● WORK TO BE COMPLETED
Would you repeat exactly the part of the listing below that runs from the line containing "line L8 (23.799, -17.75)" down to the line containing "circle A4 centre (22.5, -20) radius 4.5", inclusive, and nothing else?
________________
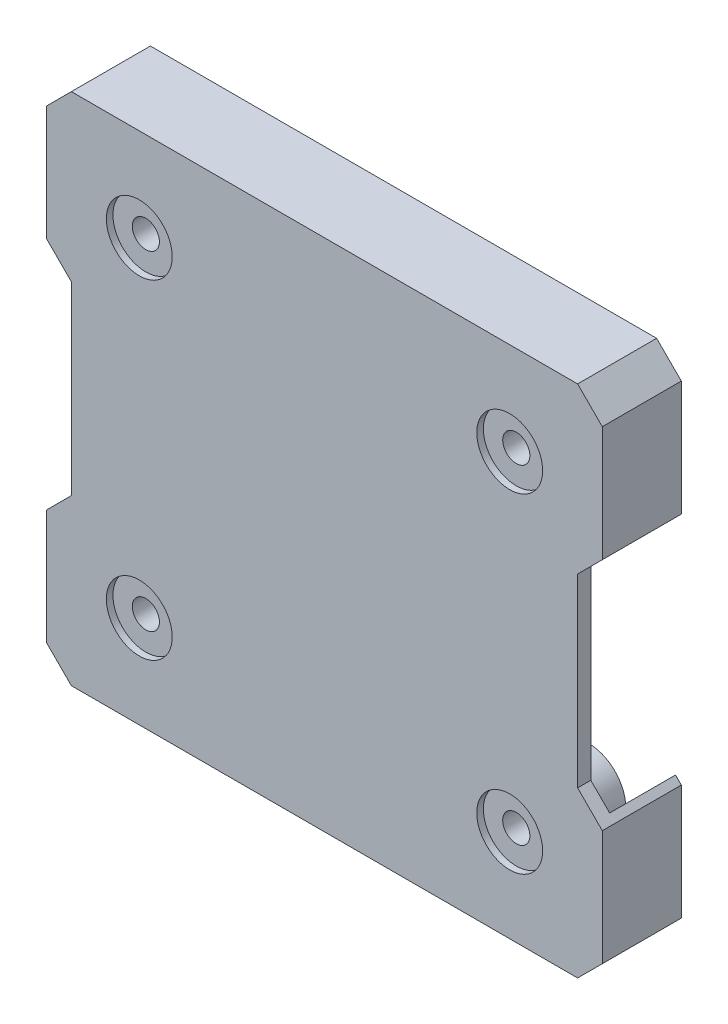
SolidWorks part; units mm, degrees
ref_plane "前视基准面" through (0, 0, 0) normal (0, 0, 1) x (1, 0, 0)
ref_plane "上视基准面" through (0, 0, 0) normal (0, 1, 0) x (1, 0, 0)
ref_plane "右视基准面" through (0, 0, 0) normal (1, 0, 0) x (0, 0, -1)
sketch "草图1" plane through (0, 0, 0) normal (0, 0, 1) x (1, 0, 0)
  line L1 (-33.75, 31.25) -> (33.75, 31.25)
  line L2 (-33.75, 31.25) -> (-33.75, -31.25)
  line L3 (-33.75, -31.25) -> (33.75, -31.25)
  line L4 (33.75, 31.25) -> (33.75, -31.25)
  line L5 (-33.75, 31.25) -> (33.75, -31.25) construction
  line L6 (-33.75, -31.25) -> (33.75, 31.25) construction
  point P0 (0, 0)
  dimension "D1" = 62.5
  dimension "D2" = 67.5
extrude "凸台-拉伸1" add sketch "草图1" along normal blind 1.6
sketch "草图2" plane through (0, 0, 1.6) normal (0, 0, 1) x (1, 0, 0)
  line L0 (-30.75, 11.25) -> (-30.75, -11.25)
  line L1 (30.75, 11.25) -> (30.75, -11.25)
  line L2 (-33.75, 31.25) -> (-33.75, -31.25) construction
  line L3 (33.75, -31.25) -> (33.75, 31.25) construction
  line L4 (-30.75, 11.25) -> (-33.75, 14.25)
  line L5 (-33.75, 14.25) -> (-33.75, -14.25)
  line L6 (-33.75, -14.25) -> (-30.75, -11.25)
  line L7 (30.75, 11.25) -> (33.75, 14.25)
  line L8 (33.75, 14.25) -> (33.75, -14.25)
  line L9 (33.75, -14.25) -> (30.75, -11.25)
  line L11 (-22.5, -20) -> (22.5, -20) construction
  line L12 (-22.5, -20) -> (-22.5, 20) construction
  line L13 (-22.5, 20) -> (22.5, 20) construction
  line L14 (22.5, -20) -> (22.5, 20) construction
  line L15 (-22.5, -20) -> (22.5, 20) construction
  line L16 (-22.5, 20) -> (22.5, -20) construction
  circle A0 centre (-22.5, 20) radius 1.65
  circle A1 centre (22.5, 20) radius 1.65
  circle A2 centre (22.5, -20) radius 1.65
  circle A3 centre (-22.5, -20) radius 1.65
  point P4 (-30.75, 0)
  point P5 (30.75, 0)
  point P11 (0, 0)
  dimension "D8" = 3.3
  dimension "D1" = 22.5
  dimension "D2" = 3
  dimension "D3" = 3
  dimension "D4" = 135
  dimension "D5" = 135
  dimension "D6" = 135
  dimension "D7" = 135
  dimension "D9" = 40
  dimension "D10" = 45
extrude "切除-拉伸1" cut sketch "草图2" against normal blind 10
chamfer "倒角1" distance 3 angle 45 4 edges at (-33.75, -31.25, 0.8) (33.75, -31.25, 0.8) (33.75, 31.25, 0.8) (-33.75, 31.25, 0.8)
sketch "草图3" plane through (0, 0, 0) normal (0, 0, -1) x (-1, 0, 0)
  line L1 (-19.9019, 20) -> (-21.201, 22.25)
  line L2 (-21.201, 22.25) -> (-23.799, 22.25)
  line L3 (-23.799, 22.25) -> (-25.0981, 20)
  line L4 (-25.0981, 20) -> (-23.799, 17.75)
  line L5 (-23.799, 17.75) -> (-21.201, 17.75)
  line L6 (-21.201, 17.75) -> (-19.9019, 20)
  line L7 (25.0981, 20) -> (23.799, 22.25)
  line L8 (23.799, 22.25) -> (21.201, 22.25)
  line L9 (21.201, 22.25) -> (19.9019, 20)
  line L10 (19.9019, 20) -> (21.201, 17.75)
  line L11 (21.201, 17.75) -> (23.799, 17.75)
  line L12 (23.799, 17.75) -> (25.0981, 20)
  line L13 (25.0981, -20) -> (23.799, -17.75)
  line L14 (23.799, -17.75) -> (21.201, -17.75)
  line L15 (21.201, -17.75) -> (19.9019, -20)
  line L16 (19.9019, -20) -> (21.201, -22.25)
  line L17 (21.201, -22.25) -> (23.799, -22.25)
  line L18 (23.799, -22.25) -> (25.0981, -20)
  line L19 (-19.9019, -20) -> (-21.201, -17.75)
  line L20 (-21.201, -17.75) -> (-23.799, -17.75)
  line L21 (-23.799, -17.75) -> (-25.0981, -20)
  line L22 (-25.0981, -20) -> (-23.799, -22.25)
  line L23 (-23.799, -22.25) -> (-21.201, -22.25)
  line L24 (-21.201, -22.25) -> (-19.9019, -20)
  circle A0 centre (-22.5, 20) radius 1.65
  circle A2 centre (22.5, 20) radius 1.65
  circle A4 centre (22.5, -20) radius 1.65
  circle A6 centre (-22.5, -20) radius 1.65
  circle A8 centre (-22.5, 20) radius 2.25 construction
  circle A9 centre (22.5, 20) radius 2.25 construction
  circle A10 centre (22.5, -20) radius 2.25 construction
  circle A11 centre (-22.5, -20) radius 2.25 construction
  dimension "D1" = 3.3
  dimension "D2" = 4.5
extrude "凸台-拉伸2" add sketch "草图3" along normal blind 4
sketch "草图4" plane through (0, 0, 1.6) normal (0, 0, 1) x (1, 0, 0)
  circle A0 centre (-22.5, 20) radius 4
  circle A1 centre (22.5, 20) radius 4
  circle A2 centre (22.5, -20) radius 4
  circle A3 centre (-22.5, -20) radius 4
  dimension "D1" = 8
extrude "切除-拉伸2" cut sketch "草图4" against normal blind 0.8
sketch "草图5" plane through (0, 0, 0) normal (0, 0, -1) x (-1, 0, 0)
  line L0 (-21.201, -22.25) -> (-19.9019, -20) construction
  line L1 (-19.9019, -20) -> (-21.201, -17.75) construction
  line L2 (-21.201, -17.75) -> (-23.799, -17.75) construction
  line L3 (-23.799, -17.75) -> (-25.0981, -20) construction
  line L4 (-25.0981, -20) -> (-23.799, -22.25) construction
  line L5 (-23.799, -22.25) -> (-21.201, -22.25) construction
  line L6 (23.799, -22.25) -> (25.0981, -20) construction
  line L7 (25.0981, -20) -> (23.799, -17.75) construction
  line L8 (23.799, -17.75) -> (21.201, -17.75) construction
  line L9 (21.201, -17.75) -> (19.9019, -20) construction
  line L10 (19.9019, -20) -> (21.201, -22.25) construction
  line L11 (21.201, -22.25) -> (23.799, -22.25) construction
  line L12 (23.799, 17.75) -> (25.0981, 20) construction
  line L13 (25.0981, 20) -> (23.799, 22.25) construction
  line L14 (23.799, 22.25) -> (21.201, 22.25) construction
  line L15 (21.201, 22.25) -> (19.9019, 20) construction
  line L16 (19.9019, 20) -> (21.201, 17.75) construction
  line L17 (21.201, 17.75) -> (23.799, 17.75) construction
  line L18 (-21.201, 17.75) -> (-19.9019, 20) construction
  line L19 (-19.9019, 20) -> (-21.201, 22.25) construction
  line L20 (-21.201, 22.25) -> (-23.799, 22.25) construction
  line L21 (-23.799, 22.25) -> (-25.0981, 20) construction
  line L22 (-25.0981, 20) -> (-23.799, 17.75) construction
  line L23 (-23.799, 17.75) -> (-21.201, 17.75) construction
  line L24 (-21.201, -22.25) -> (-19.9019, -20)
  line L25 (-19.9019, -20) -> (-21.201, -17.75)
  line L26 (-21.201, -17.75) -> (-23.799, -17.75)
  line L27 (-23.799, -17.75) -> (-25.0981, -20)
  line L28 (-25.0981, -20) -> (-23.799, -22.25)
  line L29 (-23.799, -22.25) -> (-21.201, -22.25)
  line L30 (23.799, -22.25) -> (25.0981, -20)
  line L31 (25.0981, -20) -> (23.799, -17.75)
  line L32 (23.799, -17.75) -> (21.201, -17.75)
  line L33 (21.201, -17.75) -> (19.9019, -20)
  line L34 (19.9019, -20) -> (21.201, -22.25)
  line L35 (21.201, -22.25) -> (23.799, -22.25)
  line L36 (23.799, 17.75) -> (25.0981, 20)
  line L37 (25.0981, 20) -> (23.799, 22.25)
  line L38 (23.799, 22.25) -> (21.201, 22.25)
  line L39 (21.201, 22.25) -> (19.9019, 20)
  line L40 (19.9019, 20) -> (21.201, 17.75)
  line L41 (21.201, 17.75) -> (23.799, 17.75)
  line L42 (-21.201, 17.75) -> (-19.9019, 20)
  line L43 (-19.9019, 20) -> (-21.201, 22.25)
  line L44 (-21.201, 22.25) -> (-23.799, 22.25)
  line L45 (-23.799, 22.25) -> (-25.0981, 20)
  line L46 (-25.0981, 20) -> (-23.799, 17.75)
  line L47 (-23.799, 17.75) -> (-21.201, 17.75)
  circle A2 centre (-22.5, 20) radius 4.5
  circle A3 centre (22.5, 20) radius 4.5
  circle A4 centre (22.5, -20) radius 4.5
  circle A5 centre (-22.5, -20) radius 4.5
  dimension "D1" = 9
extrude "凸台-拉伸3" add sketch "草图5" along normal blind 6
sketch "草图6" plane through (0, 0, 0) normal (0, 0, -1) x (-1, 0, 0)
  line L0 (-30.3358, -30.25) -> (30.3358, -30.25)
  line L1 (30.3358, -30.25) -> (32.75, -27.8358)
  line L2 (32.75, -27.8358) -> (32.75, -14.6642)
  line L3 (32.75, -14.6642) -> (29.75, -11.6642)
  line L4 (29.75, -11.6642) -> (29.75, 11.6642)
  line L5 (29.75, 11.6642) -> (32.75, 14.6642)
  line L6 (32.75, 14.6642) -> (32.75, 27.8358)
  line L7 (32.75, 27.8358) -> (30.3358, 30.25)
  line L8 (30.3358, 30.25) -> (-30.3358, 30.25)
  line L9 (-30.3358, 30.25) -> (-32.75, 27.8358)
  line L10 (-32.75, 27.8358) -> (-32.75, 14.6642)
  line L11 (-32.75, 14.6642) -> (-29.75, 11.6642)
  line L12 (-29.75, 11.6642) -> (-29.75, -11.6642)
  line L13 (-29.75, -11.6642) -> (-32.75, -14.6642)
  line L14 (-32.75, -14.6642) -> (-32.75, -27.8358)
  line L15 (-32.75, -27.8358) -> (-30.3358, -30.25)
  line L16 (-30.75, -31.25) -> (30.75, -31.25)
  line L17 (30.75, -31.25) -> (33.75, -28.25)
  line L18 (33.75, -28.25) -> (33.75, -14.25)
  line L19 (33.75, -14.25) -> (30.75, -11.25)
  line L20 (30.75, -11.25) -> (30.75, 11.25)
  line L21 (30.75, 11.25) -> (33.75, 14.25)
  line L22 (33.75, 14.25) -> (33.75, 28.25)
  line L23 (33.75, 28.25) -> (30.75, 31.25)
  line L24 (30.75, 31.25) -> (-30.75, 31.25)
  line L25 (-30.75, 31.25) -> (-33.75, 28.25)
  line L26 (-33.75, 28.25) -> (-33.75, 14.25)
  line L27 (-33.75, 14.25) -> (-30.75, 11.25)
  line L28 (-30.75, 11.25) -> (-30.75, -11.25)
  line L29 (-30.75, -11.25) -> (-33.75, -14.25)
  line L30 (-33.75, -14.25) -> (-33.75, -28.25)
  line L31 (-33.75, -28.25) -> (-30.75, -31.25)
  line L32 (-30.75, -31.25) -> (30.75, -31.25)
  line L33 (30.75, -31.25) -> (33.75, -28.25)
  line L34 (33.75, -28.25) -> (33.75, -14.25)
  line L35 (33.75, -14.25) -> (30.75, -11.25)
  line L36 (30.75, -11.25) -> (30.75, 11.25)
  line L37 (30.75, 11.25) -> (33.75, 14.25)
  line L38 (33.75, 14.25) -> (33.75, 28.25)
  line L39 (33.75, 28.25) -> (30.75, 31.25)
  line L40 (30.75, 31.25) -> (-30.75, 31.25)
  line L41 (-30.75, 31.25) -> (-33.75, 28.25)
  line L42 (-33.75, 28.25) -> (-33.75, 14.25)
  line L43 (-33.75, 14.25) -> (-30.75, 11.25)
  line L44 (-30.75, 11.25) -> (-30.75, -11.25)
  line L45 (-30.75, -11.25) -> (-33.75, -14.25)
  line L46 (-33.75, -14.25) -> (-33.75, -28.25)
  line L47 (-33.75, -28.25) -> (-30.75, -31.25)
  dimension "D1" = 0
  dimension "D2" = 1
extrude "凸台-拉伸4" add sketch "草图6" along normal blind 8
sketch "草图8" plane through (0, 0, 0) normal (0, 0, -1) x (-1, 0, 0)
  line L2 (-1.5, -11.1496) -> (-1.5, -12.1578)
  line L4 (1.5, -11.1496) -> (1.5, -12.1578)
  arc A0 (1.5, -11.1496) -> (-1.5, -11.1496) centre (0, 0) ccw
  arc A1 (1.5, -12.1578) -> (-1.5, -12.1578) centre (0, 0) ccw
  dimension "D1" = 1
  dimension "D2" = 22.5
  dimension "D3" = 1.5
  dimension "D4" = 1.5
extrude "凸台-拉伸5" add sketch "草图8" along normal blind 2
sketch "草图9" plane through (0, 0, -8) normal (0, 0, -1) x (-1, 0, 0)
  line L0 (29.75, 11.6642) -> (32.3358, 14.25)
  line L1 (-33.0429, 13.5429) -> (-32.3358, 14.25)
  line L2 (-33.75, 14.25) -> (-30.75, 11.25) construction
  line L3 (-32.75, 14.6642) -> (-29.75, 11.6642) construction
  line L4 (-33.0429, 13.5429) -> (-30.75, 11.25)
  line L5 (-30.75, 11.25) -> (-30.75, -11.25)
  line L6 (29.75, -11.6642) -> (29.75, 11.6642)
  line L7 (-32.3358, -14.25) -> (-33.0429, -13.5429)
  line L8 (-29.75, -11.6642) -> (-32.75, -14.6642) construction
  line L9 (-30.75, -11.25) -> (-33.75, -14.25) construction
  line L10 (-33.0429, -13.5429) -> (-30.75, -11.25)
  line L11 (-32.3358, -14.25) -> (-29.75, -11.6642)
  line L12 (-29.75, -11.6642) -> (-29.75, 11.6642)
  line L13 (-29.75, 11.6642) -> (-32.3358, 14.25)
  line L14 (0, 0) -> (0, -50000) construction
  line L15 (32.3358, -14.25) -> (29.75, -11.6642)
  line L16 (33.0429, -13.5429) -> (30.75, -11.25)
  line L25 (32.3358, -14.25) -> (33.0429, -13.5429)
  line L26 (30.75, 11.25) -> (30.75, -11.25)
  line L27 (33.0429, 13.5429) -> (30.75, 11.25)
  line L28 (33.0429, 13.5429) -> (32.3358, 14.25)
  dimension "D1" = 1
  dimension "D2" = 1
extrude "切除-拉伸4" cut sketch "草图9" against normal blind 8
sketch "草图10" plane through (0, 0, -6) normal (0, 0, -1) x (-1, 0, 0)
  circle A0 centre (-22.5, -20) radius 4.5 construction
  circle A1 centre (22.5, 20) radius 4.5 construction
  circle A2 centre (-22.5, 20) radius 4.5 construction
  circle A3 centre (22.5, -20) radius 4.5 construction
  circle A4 centre (-22.5, -20) radius 4.5
  circle A5 centre (22.5, 20) radius 4.5
  circle A6 centre (-22.5, 20) radius 4.5
  circle A7 centre (22.5, -20) radius 4.5
  circle A8 centre (-22.5, -20) radius 1.65 construction
  circle A9 centre (22.5, -20) radius 1.65 construction
  circle A10 centre (-22.5, 20) radius 1.65 construction
  circle A11 centre (-22.5, -20) radius 1.65
  circle A12 centre (22.5, -20) radius 1.65
  circle A13 centre (-22.5, 20) radius 1.65
  circle A14 centre (22.5, 20) radius 1.65 construction
  circle A15 centre (22.5, 20) radius 1.65
extrude "凸台-拉伸6" add sketch "草图10" along normal blind 2 and the other way blind 2
________________
● SOLUTION
  line L8 (23.799, -17.75) -> (21.201, -17.75) construction
  line L9 (21.201, -17.75) -> (19.9019, -20) construction
  line L10 (19.9019, -20) -> (21.201, -22.25) construction
  line L11 (21.201, -22.25) -> (23.799, -22.25) construction
  line L12 (23.799, 17.75) -> (25.0981, 20) construction
  line L13 (25.0981, 20) -> (23.799, 22.25) construction
  line L14 (23.799, 22.25) -> (21.201, 22.25) construction
  line L15 (21.201, 22.25) -> (19.9019, 20) construction
  line L16 (19.9019, 20) -> (21.201, 17.75) construction
  line L17 (21.201, 17.75) -> (23.799, 17.75) construction
  line L18 (-21.201, 17.75) -> (-19.9019, 20) construction
  line L19 (-19.9019, 20) -> (-21.201, 22.25) construction
  line L20 (-21.201, 22.25) -> (-23.799, 22.25) construction
  line L21 (-23.799, 22.25) -> (-25.0981, 20) construction
  line L22 (-25.0981, 20) -> (-23.799, 17.75) construction
  line L23 (-23.799, 17.75) -> (-21.201, 17.75) construction
  line L24 (-21.201, -22.25) -> (-19.9019, -20)
  line L25 (-19.9019, -20) -> (-21.201, -17.75)
  line L26 (-21.201, -17.75) -> (-23.799, -17.75)
  line L27 (-23.799, -17.75) -> (-25.0981, -20)
  line L28 (-25.0981, -20) -> (-23.799, -22.25)
  line L29 (-23.799, -22.25) -> (-21.201, -22.25)
  line L30 (23.799, -22.25) -> (25.0981, -20)
  line L31 (25.0981, -20) -> (23.799, -17.75)
  line L32 (23.799, -17.75) -> (21.201, -17.75)
  line L33 (21.201, -17.75) -> (19.9019, -20)
  line L34 (19.9019, -20) -> (21.201, -22.25)
  line L35 (21.201, -22.25) -> (23.799, -22.25)
  line L36 (23.799, 17.75) -> (25.0981, 20)
  line L37 (25.0981, 20) -> (23.799, 22.25)
  line L38 (23.799, 22.25) -> (21.201, 22.25)
  line L39 (21.201, 22.25) -> (19.9019, 20)
  line L40 (19.9019, 20) -> (21.201, 17.75)
  line L41 (21.201, 17.75) -> (23.799, 17.75)
  line L42 (-21.201, 17.75) -> (-19.9019, 20)
  line L43 (-19.9019, 20) -> (-21.201, 22.25)
  line L44 (-21.201, 22.25) -> (-23.799, 22.25)
  line L45 (-23.799, 22.25) -> (-25.0981, 20)
  line L46 (-25.0981, 20) -> (-23.799, 17.75)
  line L47 (-23.799, 17.75) -> (-21.201, 17.75)
  circle A2 centre (-22.5, 20) radius 4.5
  circle A3 centre (22.5, 20) radius 4.5
  circle A4 centre (22.5, -20) radius 4.5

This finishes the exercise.